RIYADH — The value of Saudi Arabia’s Foreign Direct Investment recorded steady increase for nine quarters in a row since the end of the first quarter of 2018, according to a report in Al-Eqtisadiah business newspaper.
The investments jumped to about SR469.7 billion by the end of the first quarter of 2020, posting its highest annual and quarterly levels since 2007.
These investments achieved a quarterly growth of 1.8 percent, equivalent to SR8.13 billion, compared to its value at the end of 2019 amounting to SR461.57 billion.
The figures were based on the most recent data available on the SAMA website, the newspaper reported.
Foreign Direct Investments (FDIs) means the movements of international capital that seek to establish, develop, maintain foreign subsidiaries, or foreign ownership in any economy of productive assets such as factories, mines, and land.
The rise in foreign investment ratios globally can be considered as an indicator of increasing economic globalization and global economic integration.
The annual performance of the value of Saudi FDIs includes investments in all sectors during the period extending from the end of the first quarter of 2019 to the end of the first quarter of 2020, and these investments increased by about 9.5 percent, equivalent to SR40.92 billion.
These investments amounted to SR428.78 billion at the end of the first quarter of 2019.
The FDIs comes as one of the ten main items for Saudi assets, namely FDIs and portfolio investments classified into property rights, shares of investment funds and debt securities, in addition to other investments divided into four sections — commercial credit, loans, currency, deposits and other accounts.
Among these, the largest in terms of value was reserve assets with a value of SR1.775 trillion by the end of the first quarter 2020, followed by portfolio investments with a value of SR1.081 trillion; other investments with a value of SR927.85 billion; and FDI with a value of SR469.70.
Meanwhile, foreign direct investment flows to Saudi Arabia saw a seven percent increase to $4.6 billion due to the country’s reform initiatives directed towards diversifying the economy and improving the overall investment climate, according to the annual report by the UN Conference on Trade and Development (UNCTAD).

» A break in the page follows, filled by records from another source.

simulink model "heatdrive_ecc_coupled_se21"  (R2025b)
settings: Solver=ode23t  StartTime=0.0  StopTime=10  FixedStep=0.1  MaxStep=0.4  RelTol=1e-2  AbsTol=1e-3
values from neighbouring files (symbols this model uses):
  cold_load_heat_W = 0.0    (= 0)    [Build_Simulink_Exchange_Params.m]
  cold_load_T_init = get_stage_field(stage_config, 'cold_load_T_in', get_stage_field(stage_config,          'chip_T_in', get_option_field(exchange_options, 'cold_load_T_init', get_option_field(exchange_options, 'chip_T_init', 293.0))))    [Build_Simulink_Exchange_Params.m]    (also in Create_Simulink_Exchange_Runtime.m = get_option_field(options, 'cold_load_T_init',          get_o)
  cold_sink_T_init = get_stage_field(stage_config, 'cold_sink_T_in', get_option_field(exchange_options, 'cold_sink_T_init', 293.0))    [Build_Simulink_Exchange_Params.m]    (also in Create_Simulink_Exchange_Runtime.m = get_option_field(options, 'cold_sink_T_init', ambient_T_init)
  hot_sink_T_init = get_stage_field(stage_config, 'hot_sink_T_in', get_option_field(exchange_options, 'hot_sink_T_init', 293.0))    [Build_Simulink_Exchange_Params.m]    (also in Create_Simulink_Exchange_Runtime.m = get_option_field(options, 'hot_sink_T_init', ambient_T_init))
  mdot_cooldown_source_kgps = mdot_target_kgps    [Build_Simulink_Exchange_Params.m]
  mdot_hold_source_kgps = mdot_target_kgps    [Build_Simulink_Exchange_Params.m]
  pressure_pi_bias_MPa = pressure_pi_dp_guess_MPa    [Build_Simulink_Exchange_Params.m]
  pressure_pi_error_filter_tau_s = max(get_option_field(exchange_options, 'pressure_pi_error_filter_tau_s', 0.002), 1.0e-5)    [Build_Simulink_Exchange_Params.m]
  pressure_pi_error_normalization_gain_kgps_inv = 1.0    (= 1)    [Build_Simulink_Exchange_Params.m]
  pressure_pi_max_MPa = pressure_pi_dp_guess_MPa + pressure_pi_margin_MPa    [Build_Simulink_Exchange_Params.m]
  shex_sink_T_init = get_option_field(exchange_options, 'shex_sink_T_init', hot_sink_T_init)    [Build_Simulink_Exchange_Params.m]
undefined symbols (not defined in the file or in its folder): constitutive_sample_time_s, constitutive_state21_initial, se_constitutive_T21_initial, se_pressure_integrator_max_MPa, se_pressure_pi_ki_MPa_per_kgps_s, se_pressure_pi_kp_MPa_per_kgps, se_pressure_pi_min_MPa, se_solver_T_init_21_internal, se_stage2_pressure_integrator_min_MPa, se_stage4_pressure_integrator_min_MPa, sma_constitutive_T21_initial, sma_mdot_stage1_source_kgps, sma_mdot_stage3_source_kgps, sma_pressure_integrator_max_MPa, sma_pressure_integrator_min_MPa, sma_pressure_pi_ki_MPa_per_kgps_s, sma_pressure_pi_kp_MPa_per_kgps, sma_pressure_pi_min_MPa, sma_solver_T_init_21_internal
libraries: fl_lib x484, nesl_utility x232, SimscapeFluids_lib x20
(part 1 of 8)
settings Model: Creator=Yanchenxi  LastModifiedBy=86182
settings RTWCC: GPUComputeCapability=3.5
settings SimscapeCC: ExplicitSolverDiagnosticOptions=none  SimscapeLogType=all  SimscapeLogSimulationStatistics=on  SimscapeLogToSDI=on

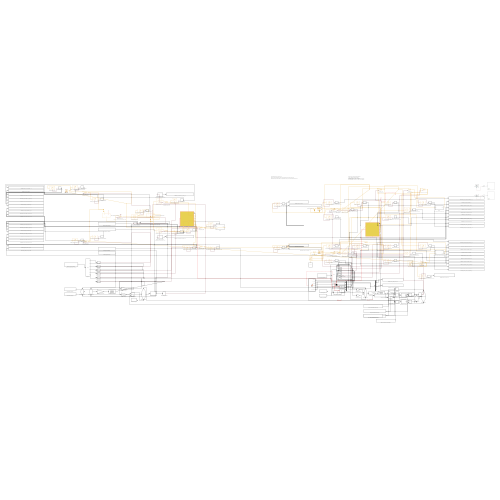
[thumbnail: Simulink's stored preview of the top-level diagram]
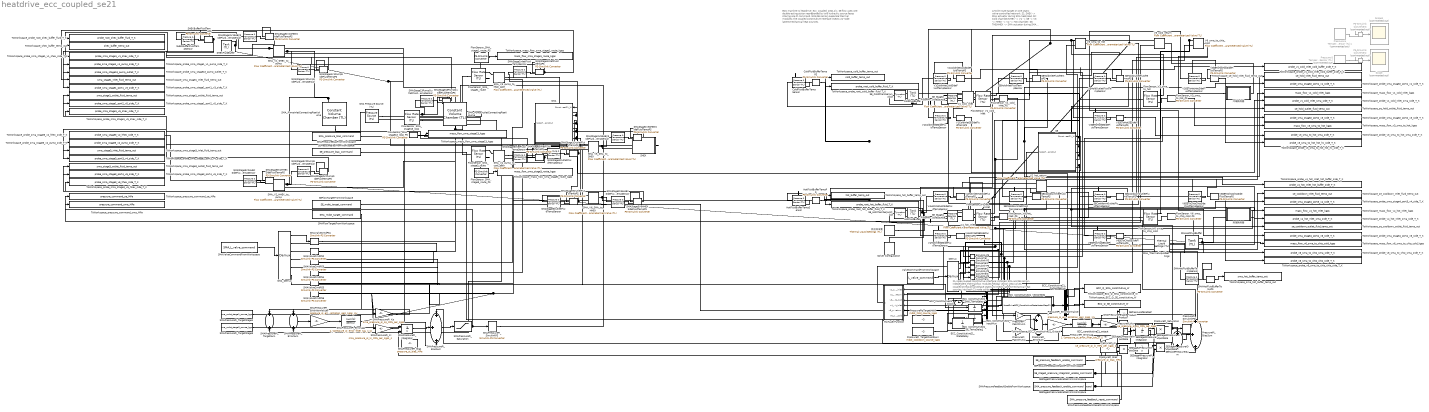
== system heatdrive_ecc_coupled_se21 ==
  note: ECC mainline is heatdrive_ecc_coupled_se21.slx.
      | SE flow uses one double-acting piston represented by two hydraulic source faces sharing one PI command.
      | SMA/SE remain separate thermal modules; the coupled constitutive interface injects 21-node latent/mechanical heat sources.
  note: Article route target on one static valve-controlled network:
      | S1: SHEX -> SMA actuator during SMA heat/load.
      | S2: Cold chamber/CHEX -> V1 -> SE -> V3 -> HHEX -> V2 -> Hot chamber.
      | S3: THE/HHEX -> SMA actuator during SMA cool/unload.
      | S4: Hot chamber/HHEX -> V4 -> SE -> V6 -> CHEX -> V5 -> Cold chamber.
  note: 21-node coupled constitutive interface installed.
      | SMA and SE remain independent thermal/flow modules.
      | Global vector step solves coupled stress/strain/phase state and injects latent/mechanical heat sources into both 21-node solids.
  ColdFluidBuffer : SimscapeFluids_lib/Thermal Liquid/Tanks & Accumulators/Tank (TL)  num_inlet=fluids.thermal_liquid.tanks_accumulators.enum.NumInlet.One  pressure_spec=fluids.thermal_liquid.tanks_accumulators.enum.TankPressureSpec.Specified  tank_pressure=tank_pressure_MPa MPa  volume_spec=fluids.thermal_liquid.tanks_accumulators.enum.TankVolumeSpec.Constant  tank_area=fluid_buffer_tank_area_m2 m^2  level_TLU=[0, 3, 5] m  volume_TLU=[0, 4, 6] m^3  inlet_height_A=0 m  inlet_area_A=0.01 m^2  inlet_heights_AB=[.1, .1] m  inlet_areas_AB=[.01, .01] m^2  inlet_heights_ABC=[.1, .1, .1] m  inlet_areas_ABC=[.01, .01, .01] m^2  inlet_heights_ABCD=0.1 * ones(1, 4) m  inlet_areas_ABCD=0.01 * ones(1, 4) m^2  inlet_heights_ABCDE=0.1 * ones(1, 5) m  inlet_areas_ABCDE=0.01 * ones(1, 5) m^2  inlet_heights_ABCDEF=0.1 * ones(1, 6) m  inlet_areas_ABCDEF=0.01 * ones(1, 6) m^2  level_check=simscape.enum.assert.action.error  capacity_check=simscape.enum.assert.action.none  max_capacity=fluid_buffer_max_capacity_m3 m^3  g=9.81 m/s^2  level_specify=on  level_priority=High  level=fluid_buffer_tank_level_m m  level_nominal_specify=off  level_nominal_value=1  level_nominal_unit=m  volume_specify=off  volume_priority=None  volume=5 m^3  volume_nominal_specify=off  volume_nominal_value=1  volume_nominal_unit=m^3  mass_specify=off  mass_priority=None  mass=5000 kg  mass_nominal_specify=off  mass_nominal_value=1  mass_nominal_unit=kg  T_I_specify=on  T_I_priority=High  T_I=cold_fluid_buffer_T_init K  T_I_nominal_specify=off  T_I_nominal_value=1  T_I_nominal_unit=K
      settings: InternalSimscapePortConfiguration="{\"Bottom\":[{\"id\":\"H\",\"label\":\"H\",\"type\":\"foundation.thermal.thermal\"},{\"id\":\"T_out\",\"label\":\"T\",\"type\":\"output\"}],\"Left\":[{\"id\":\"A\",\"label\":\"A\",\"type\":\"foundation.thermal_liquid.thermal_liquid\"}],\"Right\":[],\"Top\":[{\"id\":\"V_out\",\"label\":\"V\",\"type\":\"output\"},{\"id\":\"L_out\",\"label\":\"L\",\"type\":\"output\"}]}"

The UN agency’s findings align with the Ministry of Investment’s quarterly report, which disclosed that 348 foreign licenses were issued in Q1 2020, a 19 percent increase compared to the same period last year and 20 percent increase compared to the last quarter.
The report also evaluated countries’ performance and response plans to the COVID-19 pandemic and identified policy recommendations based on best practices by investment promotion agencies, in which COVID-19 Response Center, formed by the Ministry of Investment, was labeled as an example of best practices in minimizing the economic impact of the pandemic.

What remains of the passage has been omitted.